Я опять-таки его понял. Как там у Маркса, за какие там проценты капиталист пойдет на все?

— Иначе вы киллера наймете?

— Я вам этого не говорил.

— Но предупредили. Спасибо.

У меня вдруг запоздало объявился враг — конкретный, серьезный. Серьезный, я чувствовал, несмотря на карикатурные черты. И однако этот «готовый на все» меньше всех заинтересован в смерти Юлии Глан!

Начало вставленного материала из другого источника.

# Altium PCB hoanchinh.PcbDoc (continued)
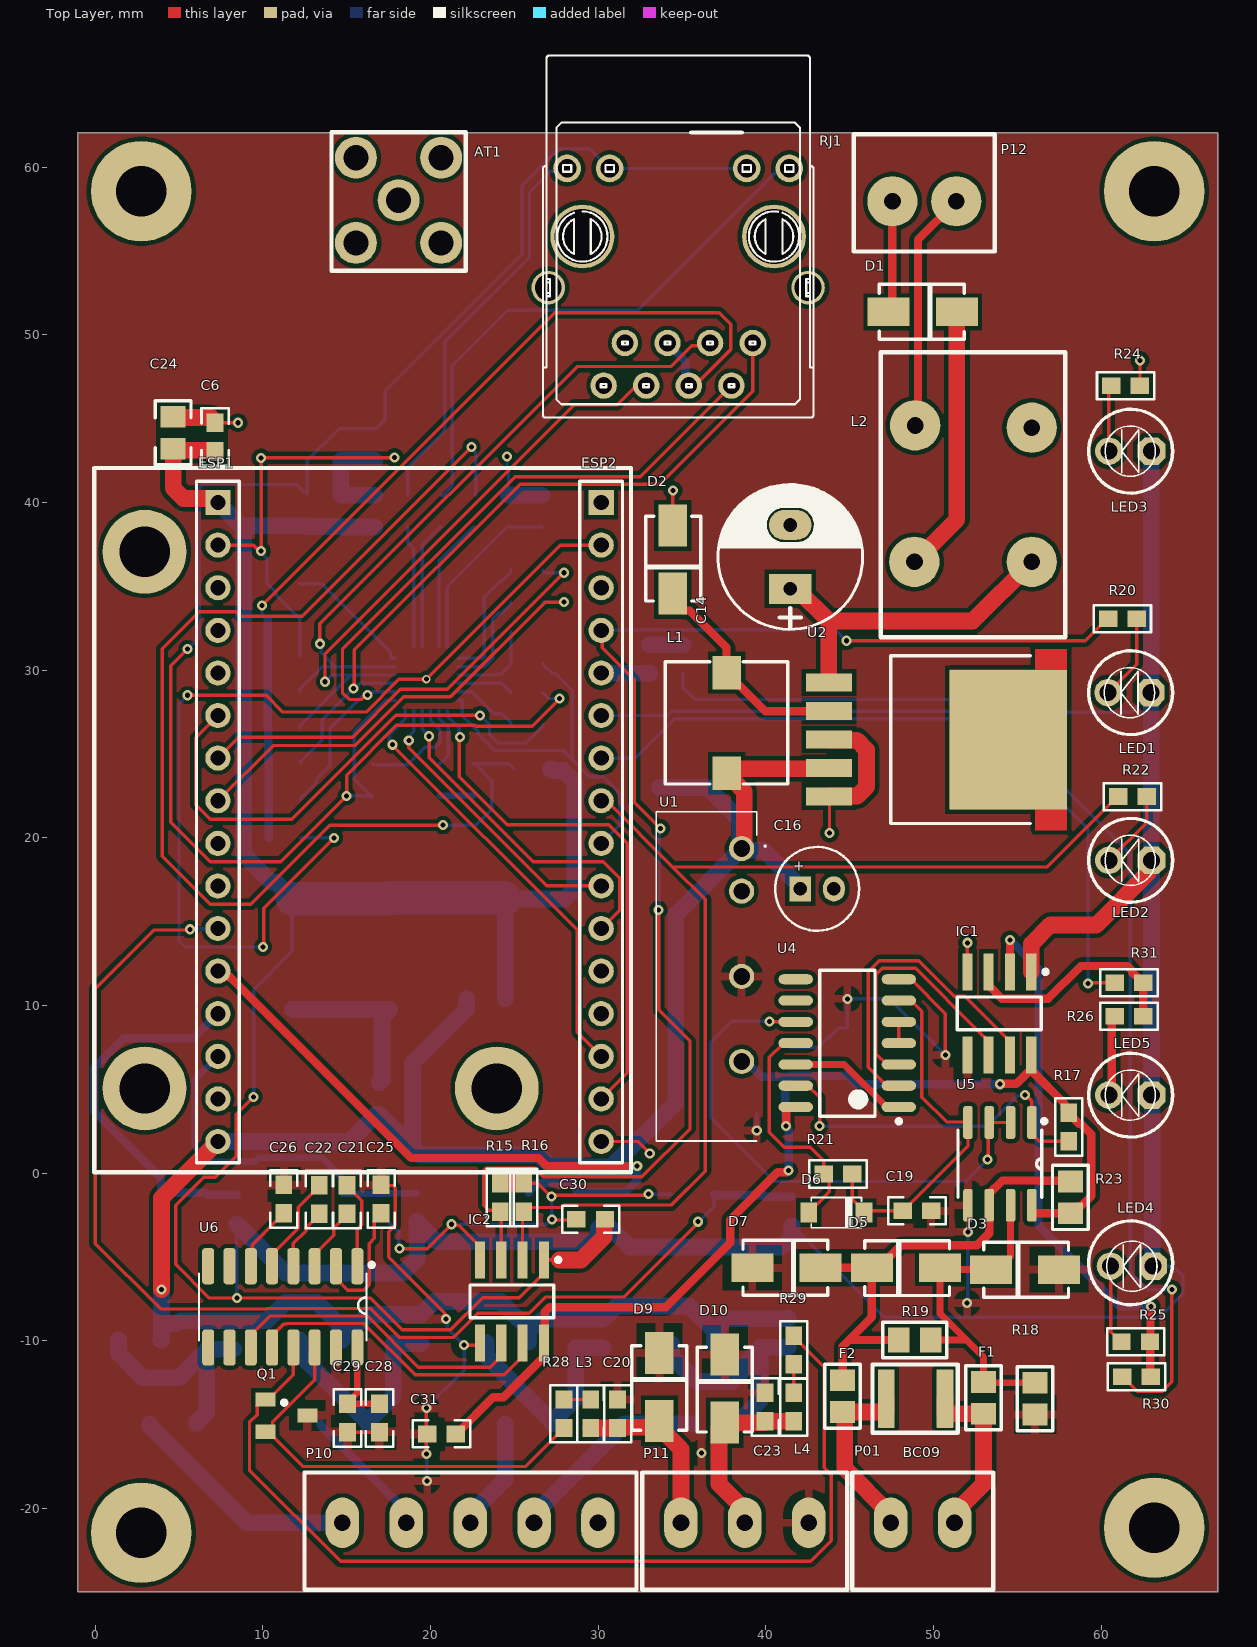
[diagram p0: Top Layer view]
## Footprints (in the part's own frame and the unit in brackets; to place one, negate y for a bottom-side part, rotate by r counter-clockwise, add the part's x,y. Pads: shape width x height; smd on the part's side, far side on the other; paste and mask are expansions set on the pad) (continued)
  rect 1.6x1.8 smd: 1(-1.4,0) 2(1.4,0)
  silkscreen extent -2.51,-1.21 2.51,1.21, body extent -1.55,-0.8 1.55,0.8, height 0.9
SOD-123 [mm] "SOD123, 2-Leads, Body 2.6x1.6mm, Pitch 3.05mm, IPC High Density"
  rect 1.2x1 smd: 1(0,-1.652) 2(0,1.652)
  silkscreen extent -0.9,-1.5 0.9,1.5, body extent -0.8,-1.85 0.8,1.85, height 1.27
SOIC14 [mm] "SOIC, 14-Leads, Body 8,64x3,87mm, Pitch 1,27mm, IPC Medium Density"
  oval 2.05x0.6 smd: 1(-3.075,3.81) 2(-3.075,2.54) 3(-3.075,1.27) 4(-3.075,0) 5(-3.075,-1.27) 6(-3.075,-2.54) 7(-3.075,-3.81) 8(3.075,-3.81) 9(3.075,-2.54) 10(3.075,-1.27) 11(3.075,0) 12(3.075,1.27) 13(3.075,2.54) 14(3.075,3.81)
  silkscreen extent -3.2,-4.35 1.65,4.78, body extent -3,-4.35 3,4.35, height 1.75
SOIC-8#1 [mm] "SOIC, 8-Leads, Body 5,0x4,0mm (max), Pitch 1,27mm, IPC Medium Density"
  rect 2.2x0.6 smd: 1(-2.475,1.905) 2(-2.475,0.635) 3(-2.475,-0.635) 4(-2.475,-1.905) 5(2.475,-1.905) 6(2.475,-0.635) 7(2.475,0.635) 8(2.475,1.905)
  silkscreen extent -2.6,-2.5 0.98,2.88, body extent -3.2,-2.5 3.2,2.5, height 1.75
SOIC-8#2 [mm] "SOIC-8"
  rrect49% 0.57x1.96 smd: 1(-1.905,-2.47) 2(-0.635,-2.47) 3(0.635,-2.47) 4(1.905,-2.47) 5(1.905,2.47) 6(0.635,2.47) 7(-0.635,2.47) 8(-1.905,2.47)
  silkscreen extent -2.77,-2.67 2.5,2, body extent -2.45,-3.08 2.45,2.92, height 1.63
SOIC-16 [mm] "Small Outline IC (SOIC), 1.27 mm pitch; 16 pin, 9.90 mm L X 4.00 mm W X 1.75 mm H body"
  rrect50% 0.72x2.16 smd: 1(-4.445,-2.425) 2(-3.175,-2.425) 3(-1.905,-2.425) 4(-0.635,-2.425) 5(0.635,-2.425) 6(1.905,-2.425) 7(3.175,-2.425) 8(4.445,-2.425) 9(4.445,2.425) 10(3.175,2.425) 11(1.905,2.425) 12(0.635,2.425) 13(-0.635,2.425) 14(-1.905,2.425) 15(-3.175,2.425) 16(-4.445,2.425)
  silkscreen extent -5.43,-2.62 4.98,2, body extent -4.95,-3 4.95,3, height 1.26
SOT23 [mm] "SOT 23 _ 1-3-2"
  rect 0.85x1.2 smd: 1(-0.94,-1.245) 2(0.985,-1.25) 3(0.005,1.25)
  silkscreen extent -0.88,-0.25 -0.64,0, body extent -1.47,-1.33 1.53,1.17, height 1.06
SOT-223-4 [mm]
  rect 1.3x2.54 smd: 1(-2.3,-3.048) 2(0,-3.048) 3(2.3,-3.048)
  rect 4.5x2.8 smd: 2(0,3.048)
  silkscreen extent -3.05,-1.42 3.05,1.3, body extent -3.25,-3.56 3.25,3.4, height 1.68
TO263-5 [mm] "LM2576-SMD"
  rect 1.07x2.75 smd: 1(-3.4,0) 2(-1.7,0) 3(0,0) 4(1.7,0) 5(3.4,0)
  rect 8.33x6.99 smd: 6(0,10.7)
  Top Layer region: -5.4,14.195 -5.4,12.295 -4.165,12.295 -4.165,7.205 4.165,7.205 4.165,12.295 5.4,12.295 5.4,14.195
  silkscreen extent -5,3.7 5,12, body extent -5,-1.29 5,14.38, height 4.79

## Part data
AT1: library part RFCON171003SF6B001, "CONNECTER ANTENNA GPS GSM", CompanyID=VT-00392, MPN=RFCON171003SF6B001, Solder=HAND
C1: library part UMK316BBJ106ML-T, "CAP CER 10uF 20% 50V X5R 1206", Category=CAPACITOR, CompanyID=VT-01137, MPN=UMK316BBJ106ML-T, PinCount=2, Solder=SMT
C2 C3 C4 C6 C7 C8 C9 C10 C11 C12 C13 C19 C20 C23 C30 C31: library part C0603C104K5RACTU, Category=CAPACITOR, CompanyID=VT-00982, MPN=C0603C104K5RACTU, PinCount=2, Solder=SMT
C5: library part CC1210KKX7R9BB105, "CAP CER 1UF 50V X7R 1210", MFR=Yageo, Category=CAPACITOR, MPN=CC1210KKX7R9BB105, PinCount=2, Solder=SMT
C14: library part CP4, "Cap 1000uF/16V - 220uF/50V", Description 1="2200uF-3300uF/6,3V - 1000uF-2200uF/10V", Description 2="1000uF/16V - 470uF => 1000uF/25V - 100uF/100V", Description 3=330uF>470uF/35V_220uF>470uF/50V_10uF>22uF/250V, Description 4="220uF => 330uF/63V - 10uF =>33uF/160 - 200V", Description 5="4,7uF>10uF/250V_3,3uF>10uF/400V - 2,2uF>4,7uF/450V"
C15: library part TPSD227K010R0050, "CAP TANT 220uF 10V 10% 2917 45mOhm ESR", Category=CAPACITOR, CompanyID=VT-00021, MPN=TPSD227K010R0050, PinCount=2, Solder=SMT
C16: library part 106CKR050M, "CAP ALUM 10uF 50V 20% RADIAL", Category=CAPACITOR, CompanyID=VT-00054, MPN=106CKR050M, PinCount=2, Solder=WAVE
C17: library part CL21B104JBCNNNC, "CAP CER 0.1uF 5% 50V X7R 0805", Category=CAPACITOR, CompanyID=VT-00725, MPN=CL21B104JBCNNNC, PinCount=2, Solder=SMT
C18 C21 C22 C25 C26 C28 C29: library part C0603C104K5RACTU, "CAP CER 0.1uF 50V 10% X7R 0603", Category=CAPACITOR, CompanyID=VT-00982, MPN=C0603C104K5RACTU, PinCount=2, Solder=SMT
C24: library part 0805C225K8PAC7800, "CAP CER 2.2uF 10% 10V X5R 0805", Category=CAPACITOR, CompanyID=VT-00292, MPN=0805C225K8PAC7800, PinCount=2, Solder=SMT
C27: library part TAJD107K016RNJ, "CAP TANT 100uF 16V 10% 2917", Category=CAPACITOR, CompanyID=VT-00022, MPN=TAJD107K016RNJ, PinCount=2, Solder=SMT
C32 C33 C34 C35 C36 C37 C38 C39 C40 C41 C42: library part "CAP CERA 0805", "CERAMIC CAP 0805"
D1: "DIODE SCHOTTKY 40V 3A SMA", MPN=SS34, Solder=SMT
D2: library part SS34, "DIODE SCHOTTKY 40V 3A SMA", MPN=SS34, Solder=SMT
D3 D5 D7: "DIODE TVS 5VWM 9.2VC SMA", CompanyID=VT-00317, MPN=SMAJ5.0A-E3/61, Solder=SMT
D6: library part 1N4148-W-7, "DIODE GEN PURP 100V 300MA SOD123", MFR="Diodes Incorporated", MPN=1N4148W-7-F, Solder=SMT
D8: library part LED_WHITE_0603
ESP1 ESP2: "Header, 16-Pin", LatestRevisionDate=17-Jul-2002, LatestRevisionNote="Re-released for DXP Platform.", Publisher="Altium Limited"
F1 F2: library part MF-RX250/72-2, CompanyID=VT-xxxx, MPN=MF-RX250/72-2, Solder=SMT
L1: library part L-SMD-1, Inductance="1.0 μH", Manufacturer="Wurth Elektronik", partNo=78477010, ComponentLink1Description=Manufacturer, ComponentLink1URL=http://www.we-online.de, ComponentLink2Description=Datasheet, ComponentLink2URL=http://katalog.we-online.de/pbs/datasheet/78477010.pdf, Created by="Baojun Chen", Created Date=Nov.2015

— Мы уже вышли на международную арену — мистическая проза последних времен! — шептал Вагнер страстно, как влюбленный юноша. — Уже почти все переведено на английский, на немецкий, французский перевод двух романов издан, и я уже нащупал пути к одному западному нобелисту…

— Порнографию вы хотите преподнести…

— Не порнография! — взревел Вагнер. — Не порнография! А гениальная пародия на мир антихриста.

— Кто это вам сказал?

— Нобелист и сказал. Вы знаете правила?

Нужна рекомендация кого-нибудь из предыдущих… — издатель осекся, спохватившись, что выдает коммерческую тайну. — Ну, это так, грезы, что называется.

Химеры, поправил я мысленно. Ту, самую престижную премию, по правилам, дают только живым. Благодаря Вагнеру, моя жуткая история в потаенном лесу предстала передо мной и в другом аспекте: как громкий международный скандал.

— Давайте ближе к делу, — заговорил он сдержанно, входя в третью роль (последовательные превращения: шут гороховый, тщеславный маньяк, бизнесмен). — Позавчера без четверти девять вечера Юла села за руль вашей машины, и вы отбыли в неизвестном направлении. Отвечайте: где она, на какой даче и почему не отзывается по мобильнику, который, однако, включен?

А шут гороховый, скорее, я, а не он. Ведь ни разу не пришло в голову позвонить! Сумочка ее с тахты исчезла, мобильник она держала в ней…

— Джон Ильич, кто у Юлии литературный агент?

— Какой агент? — вытаращился Вагнер. — Что за сукин сын?

— Я у вас спрашиваю.

— Откуда он вдруг взялся? Она не нуждалась ни в каком агенте!

— Значит, я что-то перепутал.

— Ладно, дайте мне только до нее добраться! Вы скажете, наконец, где она скрывается?

Я и сам бы все отдал, чтоб узнать, кто, где и зачем прячет мертвое тело! Но отвечал издателю в том же сквалыжном тоне:

— Если ваш человек за нами следил, то он должен быть в курсе.

— Не следил, говорю же вам, не следил, не следил! — Вагнер нажал на какую-то кнопку на столе. — Белла, Жору ко мне срочно! Это один из наших секьюрити, удостоверьтесь сами.

— Верю, но поговорить не откажусь.

— Да уж сделайте любезность, девочка должна быть уверена, что я не стесняю ее свободу.

В стеклянном павильоне появился Жора, остановился в почтительном отдалении. Такой, как все они сейчас — крупная масса, стрижка бобриком, квадратная челюсть, мерно жующая, сонный как будто взгляд — но я узнал его. Да, сиживал этот детина на лавочке возле подъезда, особо и не скрываясь.